▸ **What is expected**
Exactly as they appear below, repeat the lines from the one with "#19=CARTESIAN_POINT('',(0.,13.1,0.));" through the one with "#31=EDGE_CURVE('E11',#30,#30,#28,.T.);", and no others.

Entries taken from a collection:

###

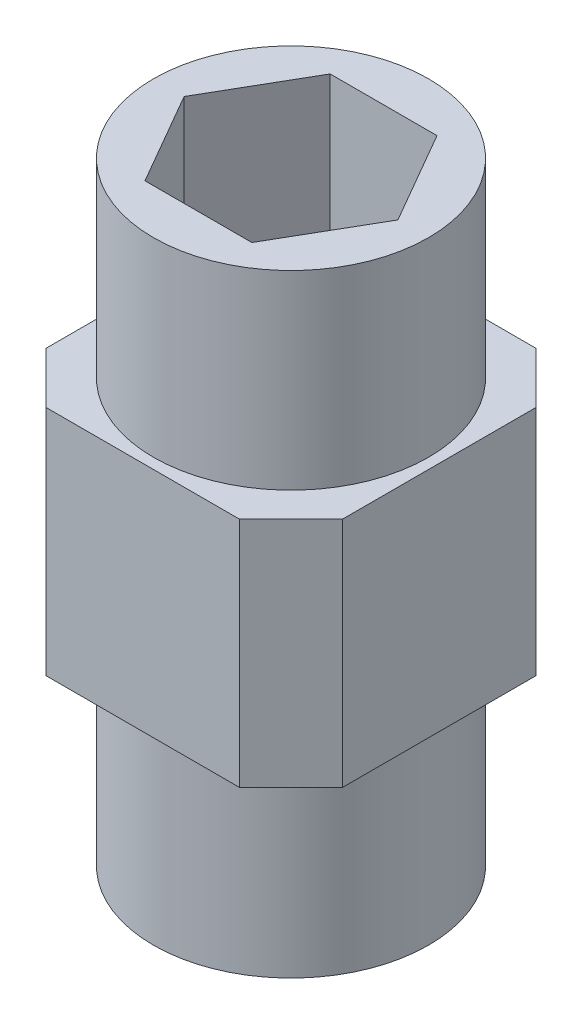
ISO-10303-21;
HEADER;
FILE_DESCRIPTION(('STEP AP214'),'2;1');
FILE_NAME('part.step','',(''),(''),'','','');
FILE_SCHEMA(('AUTOMOTIVE_DESIGN { 1 0 10303 214 1 1 1 1 }'));
ENDSEC;
DATA;
#1=APPLICATION_CONTEXT('core data for automotive mechanical design processes');
#2=APPLICATION_PROTOCOL_DEFINITION('international standard','automotive_design',2000,#1);
#3=PRODUCT_CONTEXT('',#1,'mechanical');
#4=PRODUCT('Part','Part','',(#3));
#5=PRODUCT_RELATED_PRODUCT_CATEGORY('part','',(#4));
#6=PRODUCT_DEFINITION_FORMATION('','',#4);
#7=PRODUCT_DEFINITION_CONTEXT('part definition',#1,'design');
#8=PRODUCT_DEFINITION('design','',#6,#7);
#9=PRODUCT_DEFINITION_SHAPE('','',#8);
#10=(LENGTH_UNIT() NAMED_UNIT(*) SI_UNIT(.MILLI.,.METRE.));
#11=(NAMED_UNIT(*) PLANE_ANGLE_UNIT() SI_UNIT($,.RADIAN.));
#12=(NAMED_UNIT(*) SI_UNIT($,.STERADIAN.) SOLID_ANGLE_UNIT());
#13=UNCERTAINTY_MEASURE_WITH_UNIT(LENGTH_MEASURE(1.E-05),#10,'distance_accuracy_value','');
#14=(GEOMETRIC_REPRESENTATION_CONTEXT(3) GLOBAL_UNCERTAINTY_ASSIGNED_CONTEXT((#13)) GLOBAL_UNIT_ASSIGNED_CONTEXT((#10,
#11,#12)) REPRESENTATION_CONTEXT('',''));
#15=CARTESIAN_POINT('',(0.,0.,0.));
#16=DIRECTION('',(0.,0.,1.));
#17=DIRECTION('',(1.,0.,0.));
#18=AXIS2_PLACEMENT_3D('',#15,#16,#17);
#19=CARTESIAN_POINT('',(0.,13.1,0.));
#20=DIRECTION('',(0.,1.,0.));
#21=DIRECTION('',(0.,0.,1.));
#22=AXIS2_PLACEMENT_3D('',#19,#20,#21);
#23=PLANE('',#22);
#24=CARTESIAN_POINT('',(0.,13.1,0.));
#25=DIRECTION('',(0.,1.,0.));
#26=DIRECTION('',(0.,0.,1.));
#27=AXIS2_PLACEMENT_3D('',#24,#25,#26);
#28=CIRCLE('',#27,9.475);
#29=CARTESIAN_POINT('',(0.,13.1,9.475));
#30=VERTEX_POINT('',#29);
#31=EDGE_CURVE('E11',#30,#30,#28,.T.);
#32=ORIENTED_EDGE('',*,*,#31,.T.);
#33=EDGE_LOOP('',(#32));
#34=FACE_BOUND('',#33,.T.);
#35=DIRECTION('',(-0.5,0.,-0.866025403784438));
#36=VECTOR('',#35,1.);
#37=CARTESIAN_POINT('',(7.36121593216773,13.1,0.));
#38=LINE('',#37,#36);
#39=CARTESIAN_POINT('',(7.36121593216773,13.1,0.));
#40=VERTEX_POINT('',#39);
#41=CARTESIAN_POINT('',(3.68060796608386,13.1,-6.375));
#42=VERTEX_POINT('',#41);
#43=EDGE_CURVE('E281',#40,#42,#38,.T.);
#44=ORIENTED_EDGE('',*,*,#43,.F.);
#45=DIRECTION('',(0.5,0.,-0.866025403784438));
#46=VECTOR('',#45,1.);
#47=CARTESIAN_POINT('',(3.68060796608386,13.1,6.375));
#48=LINE('',#47,#46);
#49=CARTESIAN_POINT('',(3.68060796608386,13.1,6.375));
#50=VERTEX_POINT('',#49);
#51=EDGE_CURVE('E276',#50,#40,#48,.T.);
#52=ORIENTED_EDGE('',*,*,#51,.F.);
#53=DIRECTION('',(1.,0.,0.));
#54=VECTOR('',#53,1.);
#55=CARTESIAN_POINT('',(-3.68060796608386,13.1,6.375));
#56=LINE('',#55,#54);
#57=CARTESIAN_POINT('',(-3.68060796608386,13.1,6.375));
#58=VERTEX_POINT('',#57);
#59=EDGE_CURVE('E69',#58,#50,#56,.T.);
#60=ORIENTED_EDGE('',*,*,#59,.F.);
#61=DIRECTION('',(0.5,0.,0.866025403784438));
#62=VECTOR('',#61,1.);
#63=CARTESIAN_POINT('',(-7.36121593216773,13.1,0.));
#64=LINE('',#63,#62);
#65=CARTESIAN_POINT('',(-7.36121593216773,13.1,0.));
#66=VERTEX_POINT('',#65);
#67=EDGE_CURVE('E292',#66,#58,#64,.T.);
#68=ORIENTED_EDGE('',*,*,#67,.F.);
#69=DIRECTION('',(-0.5,0.,0.866025403784439));
#70=VECTOR('',#69,1.);
#71=CARTESIAN_POINT('',(-3.68060796608386,13.1,-6.375));
#72=LINE('',#71,#70);
#73=CARTESIAN_POINT('',(-3.68060796608386,13.1,-6.375));
#74=VERTEX_POINT('',#73);
#75=EDGE_CURVE('E287',#74,#66,#72,.T.);
#76=ORIENTED_EDGE('',*,*,#75,.F.);
#77=DIRECTION('',(-1.,0.,0.));
#78=VECTOR('',#77,1.);
#79=CARTESIAN_POINT('',(3.68060796608386,13.1,-6.375));
#80=LINE('',#79,#78);
#81=EDGE_CURVE('E282',#42,#74,#80,.T.);
#82=ORIENTED_EDGE('',*,*,#81,.F.);
#83=EDGE_LOOP('',(#44,#52,#60,#68,#76,#82));
#84=FACE_BOUND('',#83,.T.);
#85=ADVANCED_FACE('F44',(#34,#84),#23,.T.);
#86=CARTESIAN_POINT('',(0.,13.1,0.));
#87=DIRECTION('',(0.,-1.,0.));
#88=DIRECTION('',(0.,0.,-1.));
#89=AXIS2_PLACEMENT_3D('',#86,#87,#88);
#90=CYLINDRICAL_SURFACE('',#89,9.475);
#91=ORIENTED_EDGE('',*,*,#31,.F.);
#92=EDGE_LOOP('',(#91));
#93=FACE_BOUND('',#92,.T.);
#94=CARTESIAN_POINT('',(0.,0.,0.));
#95=DIRECTION('',(0.,1.,0.));
#96=DIRECTION('',(0.,0.,1.));
#97=AXIS2_PLACEMENT_3D('',#94,#95,#96);
#98=CIRCLE('',#97,9.475);
#99=CARTESIAN_POINT('',(0.,0.,9.475));
#100=VERTEX_POINT('',#99);
#101=EDGE_CURVE('E47',#100,#100,#98,.T.);
#102=ORIENTED_EDGE('',*,*,#101,.T.);
#103=EDGE_LOOP('',(#102));
#104=FACE_BOUND('',#103,.T.);
#105=ADVANCED_FACE('F50',(#93,#104),#90,.T.);
#106=CARTESIAN_POINT('',(3.68060796608386,13.1,6.375));
#107=DIRECTION('',(-0.866025403784438,0.,-0.5));
#108=DIRECTION('',(-0.5,0.,0.866025403784439));
#109=AXIS2_PLACEMENT_3D('',#106,#107,#108);
#110=PLANE('',#109);
#111=DIRECTION('',(0.,-1.,0.));
#112=VECTOR('',#111,1.);
#113=CARTESIAN_POINT('',(7.36121593216773,13.1,0.));
#114=LINE('',#113,#112);
#115=CARTESIAN_POINT('',(7.36121593216773,-29.1,0.));
#116=VERTEX_POINT('',#115);
#117=EDGE_CURVE('E54',#40,#116,#114,.T.);
#118=ORIENTED_EDGE('',*,*,#117,.T.);
#119=DIRECTION('',(0.5,0.,-0.866025403784438));
#120=VECTOR('',#119,1.);
#121=CARTESIAN_POINT('',(3.68060796608386,-29.1,6.375));
#122=LINE('',#121,#120);
#123=CARTESIAN_POINT('',(3.68060796608386,-29.1,6.375));
#124=VERTEX_POINT('',#123);
#125=EDGE_CURVE('E154',#124,#116,#122,.T.);
#126=ORIENTED_EDGE('',*,*,#125,.F.);
#127=DIRECTION('',(0.,-1.,0.));
#128=VECTOR('',#127,1.);
#129=CARTESIAN_POINT('',(3.68060796608386,13.1,6.375));
#130=LINE('',#129,#128);
#131=EDGE_CURVE('E145',#50,#124,#130,.T.);
#132=ORIENTED_EDGE('',*,*,#131,.F.);
#133=ORIENTED_EDGE('',*,*,#51,.T.);
#134=EDGE_LOOP('',(#118,#126,#132,#133));
#135=FACE_BOUND('',#134,.T.);
#136=ADVANCED_FACE('F156',(#135),#110,.T.);
#137=CARTESIAN_POINT('',(7.36121593216773,13.1,0.));
#138=DIRECTION('',(-0.866025403784438,0.,0.5));
#139=DIRECTION('',(0.5,0.,0.866025403784438));
#140=AXIS2_PLACEMENT_3D('',#137,#138,#139);
#141=PLANE('',#140);
#142=DIRECTION('',(0.,-1.,0.));
#143=VECTOR('',#142,1.);
#144=CARTESIAN_POINT('',(3.68060796608386,13.1,-6.375));
#145=LINE('',#144,#143);
#146=CARTESIAN_POINT('',(3.68060796608386,-29.1,-6.375));
#147=VERTEX_POINT('',#146);
#148=EDGE_CURVE('E305',#42,#147,#145,.T.);
#149=ORIENTED_EDGE('',*,*,#148,.T.);
#150=DIRECTION('',(-0.5,0.,-0.866025403784438));
#151=VECTOR('',#150,1.);
#152=CARTESIAN_POINT('',(7.36121593216773,-29.1,0.));
#153=LINE('',#152,#151);
#154=EDGE_CURVE('E176',#116,#147,#153,.T.);
#155=ORIENTED_EDGE('',*,*,#154,.F.);
#156=ORIENTED_EDGE('',*,*,#117,.F.);
#157=ORIENTED_EDGE('',*,*,#43,.T.);
#158=EDGE_LOOP('',(#149,#155,#156,#157));
#159=FACE_BOUND('',#158,.T.);
#160=ADVANCED_FACE('F367',(#159),#141,.T.);
#161=CARTESIAN_POINT('',(3.68060796608386,13.1,-6.375));
#162=DIRECTION('',(0.,0.,1.));
#163=DIRECTION('',(1.,0.,0.));
#164=AXIS2_PLACEMENT_3D('',#161,#162,#163);
#165=PLANE('',#164);
#166=DIRECTION('',(0.,-1.,0.));
#167=VECTOR('',#166,1.);
#168=CARTESIAN_POINT('',(-3.68060796608386,13.1,-6.375));
#169=LINE('',#168,#167);
#170=CARTESIAN_POINT('',(-3.68060796608386,-29.1,-6.375));
#171=VERTEX_POINT('',#170);
#172=EDGE_CURVE('E303',#74,#171,#169,.T.);
#173=ORIENTED_EDGE('',*,*,#172,.T.);
#174=DIRECTION('',(-1.,0.,0.));
#175=VECTOR('',#174,1.);
#176=CARTESIAN_POINT('',(3.68060796608386,-29.1,-6.375));
#177=LINE('',#176,#175);
#178=EDGE_CURVE('E178',#147,#171,#177,.T.);
#179=ORIENTED_EDGE('',*,*,#178,.F.);
#180=ORIENTED_EDGE('',*,*,#148,.F.);
#181=ORIENTED_EDGE('',*,*,#81,.T.);
#182=EDGE_LOOP('',(#173,#179,#180,#181));
#183=FACE_BOUND('',#182,.T.);
#184=ADVANCED_FACE('F373',(#183),#165,.T.);
#185=CARTESIAN_POINT('',(-3.68060796608386,13.1,-6.375));
#186=DIRECTION('',(0.866025403784439,0.,0.5));
#187=DIRECTION('',(0.5,0.,-0.866025403784439));
#188=AXIS2_PLACEMENT_3D('',#185,#186,#187);
#189=PLANE('',#188);
#190=DIRECTION('',(0.,-1.,0.));
#191=VECTOR('',#190,1.);
#192=CARTESIAN_POINT('',(-7.36121593216773,13.1,0.));
#193=LINE('',#192,#191);
#194=CARTESIAN_POINT('',(-7.36121593216773,-29.1,0.));
#195=VERTEX_POINT('',#194);
#196=EDGE_CURVE('E300',#66,#195,#193,.T.);
#197=ORIENTED_EDGE('',*,*,#196,.T.);
#198=DIRECTION('',(-0.5,0.,0.866025403784439));
#199=VECTOR('',#198,1.);
#200=CARTESIAN_POINT('',(-3.68060796608386,-29.1,-6.375));
#201=LINE('',#200,#199);
#202=EDGE_CURVE('E174',#171,#195,#201,.T.);
#203=ORIENTED_EDGE('',*,*,#202,.F.);
#204=ORIENTED_EDGE('',*,*,#172,.F.);
#205=ORIENTED_EDGE('',*,*,#75,.T.);
#206=EDGE_LOOP('',(#197,#203,#204,#205));
#207=FACE_BOUND('',#206,.T.);
#208=ADVANCED_FACE('F380',(#207),#189,.T.);
#209=CARTESIAN_POINT('',(-7.36121593216773,13.1,0.));
#210=DIRECTION('',(0.866025403784438,0.,-0.5));
#211=DIRECTION('',(-0.5,0.,-0.866025403784439));
#212=AXIS2_PLACEMENT_3D('',#209,#210,#211);
#213=PLANE('',#212);
#214=DIRECTION('',(0.,-1.,0.));
#215=VECTOR('',#214,1.);
#216=CARTESIAN_POINT('',(-3.68060796608386,13.1,6.375));
#217=LINE('',#216,#215);
#218=CARTESIAN_POINT('',(-3.68060796608386,-29.1,6.375));
#219=VERTEX_POINT('',#218);
#220=EDGE_CURVE('E61',#58,#219,#217,.T.);
#221=ORIENTED_EDGE('',*,*,#220,.T.);
#222=DIRECTION('',(0.5,0.,0.866025403784438));
#223=VECTOR('',#222,1.);
#224=CARTESIAN_POINT('',(-7.36121593216773,-29.1,0.));
#225=LINE('',#224,#223);
#226=EDGE_CURVE('E170',#195,#219,#225,.T.);
#227=ORIENTED_EDGE('',*,*,#226,.F.);
#228=ORIENTED_EDGE('',*,*,#196,.F.);
#229=ORIENTED_EDGE('',*,*,#67,.T.);
#230=EDGE_LOOP('',(#221,#227,#228,#229));
#231=FACE_BOUND('',#230,.T.);
#232=ADVANCED_FACE('F381',(#231),#213,.T.);
#233=CARTESIAN_POINT('',(-3.68060796608386,13.1,6.375));
#234=DIRECTION('',(0.,0.,-1.));
#235=DIRECTION('',(-1.,0.,0.));
#236=AXIS2_PLACEMENT_3D('',#233,#234,#235);
#237=PLANE('',#236);
#238=ORIENTED_EDGE('',*,*,#131,.T.);
#239=DIRECTION('',(1.,0.,0.));
#240=VECTOR('',#239,1.);
#241=CARTESIAN_POINT('',(-3.68060796608386,-29.1,6.375));
#242=LINE('',#241,#240);
#243=EDGE_CURVE('E146',#219,#124,#242,.T.);
#244=ORIENTED_EDGE('',*,*,#243,.F.);
#245=ORIENTED_EDGE('',*,*,#220,.F.);
#246=ORIENTED_EDGE('',*,*,#59,.T.);
#247=EDGE_LOOP('',(#238,#244,#245,#246));
#248=FACE_BOUND('',#247,.T.);
#249=ADVANCED_FACE('F148',(#248),#237,.T.);
#250=CARTESIAN_POINT('',(-10.2,-16.,6.66446609406726));
#251=DIRECTION('',(-1.,0.,0.));
#252=DIRECTION('',(0.,0.,1.));
#253=AXIS2_PLACEMENT_3D('',#250,#251,#252);
#254=PLANE('',#253);
#255=DIRECTION('',(0.,0.,1.));
#256=VECTOR('',#255,1.);
#257=CARTESIAN_POINT('',(-10.2,0.,6.66446609406726));
#258=LINE('',#257,#256);
#259=CARTESIAN_POINT('',(-10.2,0.,-6.66446609406726));
#260=VERTEX_POINT('',#259);
#261=CARTESIAN_POINT('',(-10.2,0.,6.66446609406726));
#262=VERTEX_POINT('',#261);
#263=EDGE_CURVE('E190',#260,#262,#258,.T.);
#264=ORIENTED_EDGE('',*,*,#263,.F.);
#265=DIRECTION('',(0.,1.,0.));
#266=VECTOR('',#265,1.);
#267=CARTESIAN_POINT('',(-10.2,-16.,-6.66446609406726));
#268=LINE('',#267,#266);
#269=CARTESIAN_POINT('',(-10.2,-16.,-6.66446609406726));
#270=VERTEX_POINT('',#269);
#271=EDGE_CURVE('E258',#270,#260,#268,.T.);
#272=ORIENTED_EDGE('',*,*,#271,.F.);
#273=DIRECTION('',(0.,0.,1.));
#274=VECTOR('',#273,1.);
#275=CARTESIAN_POINT('',(-10.2,-16.,6.66446609406726));
#276=LINE('',#275,#274);
#277=CARTESIAN_POINT('',(-10.2,-16.,6.66446609406726));
#278=VERTEX_POINT('',#277);
#279=EDGE_CURVE('E194',#270,#278,#276,.T.);
#280=ORIENTED_EDGE('',*,*,#279,.T.);
#281=DIRECTION('',(0.,1.,0.));
#282=VECTOR('',#281,1.);
#283=CARTESIAN_POINT('',(-10.2,-16.,6.66446609406726));
#284=LINE('',#283,#282);
#285=EDGE_CURVE('E223',#278,#262,#284,.T.);
#286=ORIENTED_EDGE('',*,*,#285,.T.);
#287=EDGE_LOOP('',(#264,#272,#280,#286));
#288=FACE_BOUND('',#287,.T.);
#289=ADVANCED_FACE('F323',(#288),#254,.T.);
#290=CARTESIAN_POINT('',(-10.2,-16.,-6.66446609406726));
#291=DIRECTION('',(-0.707106781186549,0.,-0.707106781186546));
#292=DIRECTION('',(-0.707106781186546,0.,0.707106781186549));
#293=AXIS2_PLACEMENT_3D('',#290,#291,#292);
#294=PLANE('',#293);
#295=DIRECTION('',(-0.707106781186546,0.,0.707106781186549));
#296=VECTOR('',#295,1.);
#297=CARTESIAN_POINT('',(-10.2,0.,-6.66446609406726));
#298=LINE('',#297,#296);
#299=CARTESIAN_POINT('',(-6.66446609406727,0.,-10.2));
#300=VERTEX_POINT('',#299);
#301=EDGE_CURVE('E197',#300,#260,#298,.T.);
#302=ORIENTED_EDGE('',*,*,#301,.F.);
#303=DIRECTION('',(0.,1.,0.));
#304=VECTOR('',#303,1.);
#305=CARTESIAN_POINT('',(-6.66446609406727,-16.,-10.2));
#306=LINE('',#305,#304);
#307=CARTESIAN_POINT('',(-6.66446609406727,-16.,-10.2));
#308=VERTEX_POINT('',#307);
#309=EDGE_CURVE('E259',#308,#300,#306,.T.);
#310=ORIENTED_EDGE('',*,*,#309,.F.);
#311=DIRECTION('',(-0.707106781186546,0.,0.707106781186549));
#312=VECTOR('',#311,1.);
#313=CARTESIAN_POINT('',(-10.2,-16.,-6.66446609406726));
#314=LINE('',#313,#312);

###

▸ **Your solution**
#19=CARTESIAN_POINT('',(0.,13.1,0.));
#20=DIRECTION('',(0.,1.,0.));
#21=DIRECTION('',(0.,0.,1.));
#22=AXIS2_PLACEMENT_3D('',#19,#20,#21);
#23=PLANE('',#22);
#24=CARTESIAN_POINT('',(0.,13.1,0.));
#25=DIRECTION('',(0.,1.,0.));
#26=DIRECTION('',(0.,0.,1.));
#27=AXIS2_PLACEMENT_3D('',#24,#25,#26);
#28=CIRCLE('',#27,9.475);
#29=CARTESIAN_POINT('',(0.,13.1,9.475));
#30=VERTEX_POINT('',#29);
#31=EDGE_CURVE('E11',#30,#30,#28,.T.);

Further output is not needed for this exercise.